## DATASET

==================================================

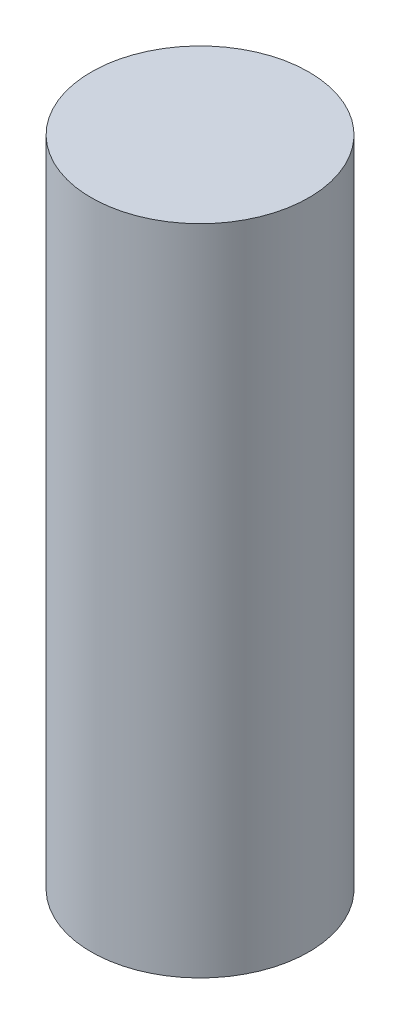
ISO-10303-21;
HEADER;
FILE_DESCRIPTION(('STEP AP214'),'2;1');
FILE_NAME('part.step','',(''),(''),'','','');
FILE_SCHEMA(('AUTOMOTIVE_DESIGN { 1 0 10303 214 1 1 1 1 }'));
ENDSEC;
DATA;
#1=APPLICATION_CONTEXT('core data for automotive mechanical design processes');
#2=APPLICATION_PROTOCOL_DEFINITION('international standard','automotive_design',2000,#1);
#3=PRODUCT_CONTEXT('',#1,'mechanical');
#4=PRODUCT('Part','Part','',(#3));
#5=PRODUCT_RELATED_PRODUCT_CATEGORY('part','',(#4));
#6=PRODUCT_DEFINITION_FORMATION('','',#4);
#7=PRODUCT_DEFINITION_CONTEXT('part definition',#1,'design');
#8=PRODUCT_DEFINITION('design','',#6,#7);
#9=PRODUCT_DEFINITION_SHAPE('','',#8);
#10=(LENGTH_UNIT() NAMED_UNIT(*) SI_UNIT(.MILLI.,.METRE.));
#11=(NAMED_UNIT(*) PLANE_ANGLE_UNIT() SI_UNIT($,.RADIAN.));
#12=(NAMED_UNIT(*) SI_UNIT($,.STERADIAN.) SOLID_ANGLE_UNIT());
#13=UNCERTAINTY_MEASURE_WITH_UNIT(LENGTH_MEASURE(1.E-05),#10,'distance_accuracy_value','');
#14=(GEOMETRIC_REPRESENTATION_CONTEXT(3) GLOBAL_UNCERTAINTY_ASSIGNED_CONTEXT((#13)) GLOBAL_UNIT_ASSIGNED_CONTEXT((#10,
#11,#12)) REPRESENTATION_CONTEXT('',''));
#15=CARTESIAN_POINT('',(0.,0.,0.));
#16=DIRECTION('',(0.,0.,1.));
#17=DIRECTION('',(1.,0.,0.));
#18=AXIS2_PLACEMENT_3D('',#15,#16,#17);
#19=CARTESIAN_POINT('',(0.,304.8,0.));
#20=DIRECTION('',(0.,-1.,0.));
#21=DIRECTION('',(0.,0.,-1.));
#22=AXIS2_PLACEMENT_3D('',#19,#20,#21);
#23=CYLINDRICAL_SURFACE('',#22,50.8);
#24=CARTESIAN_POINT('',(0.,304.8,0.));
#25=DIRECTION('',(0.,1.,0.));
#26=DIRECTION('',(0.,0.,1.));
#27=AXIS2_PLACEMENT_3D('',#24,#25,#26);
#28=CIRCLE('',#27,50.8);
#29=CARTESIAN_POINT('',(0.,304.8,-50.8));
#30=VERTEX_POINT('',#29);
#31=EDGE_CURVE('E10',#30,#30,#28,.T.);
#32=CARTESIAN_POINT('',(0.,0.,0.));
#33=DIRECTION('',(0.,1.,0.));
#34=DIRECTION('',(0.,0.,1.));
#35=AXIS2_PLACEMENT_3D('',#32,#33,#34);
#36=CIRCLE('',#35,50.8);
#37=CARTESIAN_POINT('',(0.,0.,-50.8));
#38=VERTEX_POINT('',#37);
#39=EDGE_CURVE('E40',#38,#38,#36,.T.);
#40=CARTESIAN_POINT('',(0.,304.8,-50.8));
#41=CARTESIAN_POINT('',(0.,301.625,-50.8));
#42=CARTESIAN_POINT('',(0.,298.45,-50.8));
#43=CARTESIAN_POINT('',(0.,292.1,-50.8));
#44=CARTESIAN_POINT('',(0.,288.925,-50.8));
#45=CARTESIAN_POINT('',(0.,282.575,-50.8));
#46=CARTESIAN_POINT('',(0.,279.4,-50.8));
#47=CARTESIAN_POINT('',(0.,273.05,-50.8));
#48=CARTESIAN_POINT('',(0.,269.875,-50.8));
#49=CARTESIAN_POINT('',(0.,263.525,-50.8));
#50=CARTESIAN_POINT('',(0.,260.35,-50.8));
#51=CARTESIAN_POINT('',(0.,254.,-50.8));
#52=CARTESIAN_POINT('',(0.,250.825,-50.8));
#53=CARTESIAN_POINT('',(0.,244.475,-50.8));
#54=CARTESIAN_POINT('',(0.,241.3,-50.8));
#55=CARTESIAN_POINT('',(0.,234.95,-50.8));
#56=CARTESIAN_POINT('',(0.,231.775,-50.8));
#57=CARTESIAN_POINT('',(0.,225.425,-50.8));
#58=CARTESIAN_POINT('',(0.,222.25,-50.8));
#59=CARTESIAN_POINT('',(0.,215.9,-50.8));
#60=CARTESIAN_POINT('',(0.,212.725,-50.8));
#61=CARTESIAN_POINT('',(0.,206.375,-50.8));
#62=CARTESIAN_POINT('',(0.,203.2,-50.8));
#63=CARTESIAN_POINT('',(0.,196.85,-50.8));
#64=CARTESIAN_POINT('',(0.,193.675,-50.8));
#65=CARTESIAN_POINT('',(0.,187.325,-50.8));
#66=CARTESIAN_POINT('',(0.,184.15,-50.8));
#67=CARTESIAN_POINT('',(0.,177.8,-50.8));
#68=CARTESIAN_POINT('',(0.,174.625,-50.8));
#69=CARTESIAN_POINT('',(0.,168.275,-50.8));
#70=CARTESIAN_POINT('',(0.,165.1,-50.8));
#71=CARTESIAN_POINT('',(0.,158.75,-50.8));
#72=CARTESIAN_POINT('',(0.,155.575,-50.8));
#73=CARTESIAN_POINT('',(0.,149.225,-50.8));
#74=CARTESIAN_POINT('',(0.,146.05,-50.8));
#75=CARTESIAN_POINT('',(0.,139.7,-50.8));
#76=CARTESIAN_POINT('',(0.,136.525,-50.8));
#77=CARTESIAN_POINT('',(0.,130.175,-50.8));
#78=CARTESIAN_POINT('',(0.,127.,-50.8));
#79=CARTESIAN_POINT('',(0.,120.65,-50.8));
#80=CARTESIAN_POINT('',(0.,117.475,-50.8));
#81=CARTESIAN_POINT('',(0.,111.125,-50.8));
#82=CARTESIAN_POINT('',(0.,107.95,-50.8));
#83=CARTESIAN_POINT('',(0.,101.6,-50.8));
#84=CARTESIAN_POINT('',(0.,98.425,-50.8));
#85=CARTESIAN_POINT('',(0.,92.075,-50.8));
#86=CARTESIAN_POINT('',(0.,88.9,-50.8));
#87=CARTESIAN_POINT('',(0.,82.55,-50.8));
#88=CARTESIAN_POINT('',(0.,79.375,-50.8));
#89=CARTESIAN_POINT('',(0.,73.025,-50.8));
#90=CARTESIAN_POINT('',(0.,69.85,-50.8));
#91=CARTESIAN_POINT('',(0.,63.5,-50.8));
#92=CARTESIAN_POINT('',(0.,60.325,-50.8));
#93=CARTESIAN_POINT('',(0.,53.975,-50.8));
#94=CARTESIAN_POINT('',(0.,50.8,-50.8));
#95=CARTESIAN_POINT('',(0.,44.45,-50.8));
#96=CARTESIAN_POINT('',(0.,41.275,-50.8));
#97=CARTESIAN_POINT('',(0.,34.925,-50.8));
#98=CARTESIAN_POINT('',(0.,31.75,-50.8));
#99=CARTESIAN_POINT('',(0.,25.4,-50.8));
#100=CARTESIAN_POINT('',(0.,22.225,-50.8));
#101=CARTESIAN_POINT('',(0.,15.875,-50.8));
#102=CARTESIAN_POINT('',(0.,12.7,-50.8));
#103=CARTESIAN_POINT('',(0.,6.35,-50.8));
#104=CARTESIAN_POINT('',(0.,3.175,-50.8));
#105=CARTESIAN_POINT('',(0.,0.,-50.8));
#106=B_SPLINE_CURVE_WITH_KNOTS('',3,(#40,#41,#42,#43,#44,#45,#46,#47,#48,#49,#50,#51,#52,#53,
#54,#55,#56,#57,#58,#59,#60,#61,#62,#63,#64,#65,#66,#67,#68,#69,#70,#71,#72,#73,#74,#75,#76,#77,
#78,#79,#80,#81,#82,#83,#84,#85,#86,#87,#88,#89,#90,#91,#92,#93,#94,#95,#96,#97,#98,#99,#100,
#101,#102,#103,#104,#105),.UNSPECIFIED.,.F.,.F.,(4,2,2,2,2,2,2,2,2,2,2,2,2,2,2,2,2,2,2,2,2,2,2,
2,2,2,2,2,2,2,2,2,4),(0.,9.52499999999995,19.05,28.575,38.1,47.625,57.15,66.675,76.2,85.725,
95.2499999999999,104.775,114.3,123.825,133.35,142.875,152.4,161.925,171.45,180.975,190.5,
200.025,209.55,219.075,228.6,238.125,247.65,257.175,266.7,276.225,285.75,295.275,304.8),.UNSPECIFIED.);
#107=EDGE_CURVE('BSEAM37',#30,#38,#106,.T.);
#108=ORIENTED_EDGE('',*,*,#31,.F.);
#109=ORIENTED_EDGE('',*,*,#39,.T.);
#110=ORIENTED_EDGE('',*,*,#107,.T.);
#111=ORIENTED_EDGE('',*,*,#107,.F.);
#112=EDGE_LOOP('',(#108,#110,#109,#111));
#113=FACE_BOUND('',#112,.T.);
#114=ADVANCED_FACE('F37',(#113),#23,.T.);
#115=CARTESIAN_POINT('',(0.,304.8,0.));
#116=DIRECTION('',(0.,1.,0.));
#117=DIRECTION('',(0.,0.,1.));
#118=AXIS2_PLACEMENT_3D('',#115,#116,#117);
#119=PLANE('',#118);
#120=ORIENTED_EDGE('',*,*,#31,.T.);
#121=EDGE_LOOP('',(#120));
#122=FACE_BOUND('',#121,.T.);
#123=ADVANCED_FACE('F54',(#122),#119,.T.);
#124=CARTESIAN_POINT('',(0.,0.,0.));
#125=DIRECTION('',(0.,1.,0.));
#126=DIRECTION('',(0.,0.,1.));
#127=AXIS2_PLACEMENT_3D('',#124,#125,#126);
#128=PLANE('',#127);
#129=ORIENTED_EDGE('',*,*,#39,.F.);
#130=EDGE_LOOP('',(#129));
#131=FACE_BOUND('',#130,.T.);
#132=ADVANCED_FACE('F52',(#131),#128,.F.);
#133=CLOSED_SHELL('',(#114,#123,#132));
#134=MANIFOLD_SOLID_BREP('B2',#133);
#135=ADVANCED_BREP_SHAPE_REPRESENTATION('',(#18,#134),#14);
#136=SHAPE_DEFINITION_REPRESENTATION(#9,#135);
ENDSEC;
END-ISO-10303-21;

==================================================

## TASK TO CARRY OUT
After locating the line with "#30=VERTEX_POINT('',#29);" above, return that line and every later line through the one with "#36=CIRCLE('',#35,50.8);", word for word and with nothing else.

## SOLUTION TO THIS TASK
#30=VERTEX_POINT('',#29);
#31=EDGE_CURVE('E10',#30,#30,#28,.T.);
#32=CARTESIAN_POINT('',(0.,0.,0.));
#33=DIRECTION('',(0.,1.,0.));
#34=DIRECTION('',(0.,0.,1.));
#35=AXIS2_PLACEMENT_3D('',#32,#33,#34);
#36=CIRCLE('',#35,50.8);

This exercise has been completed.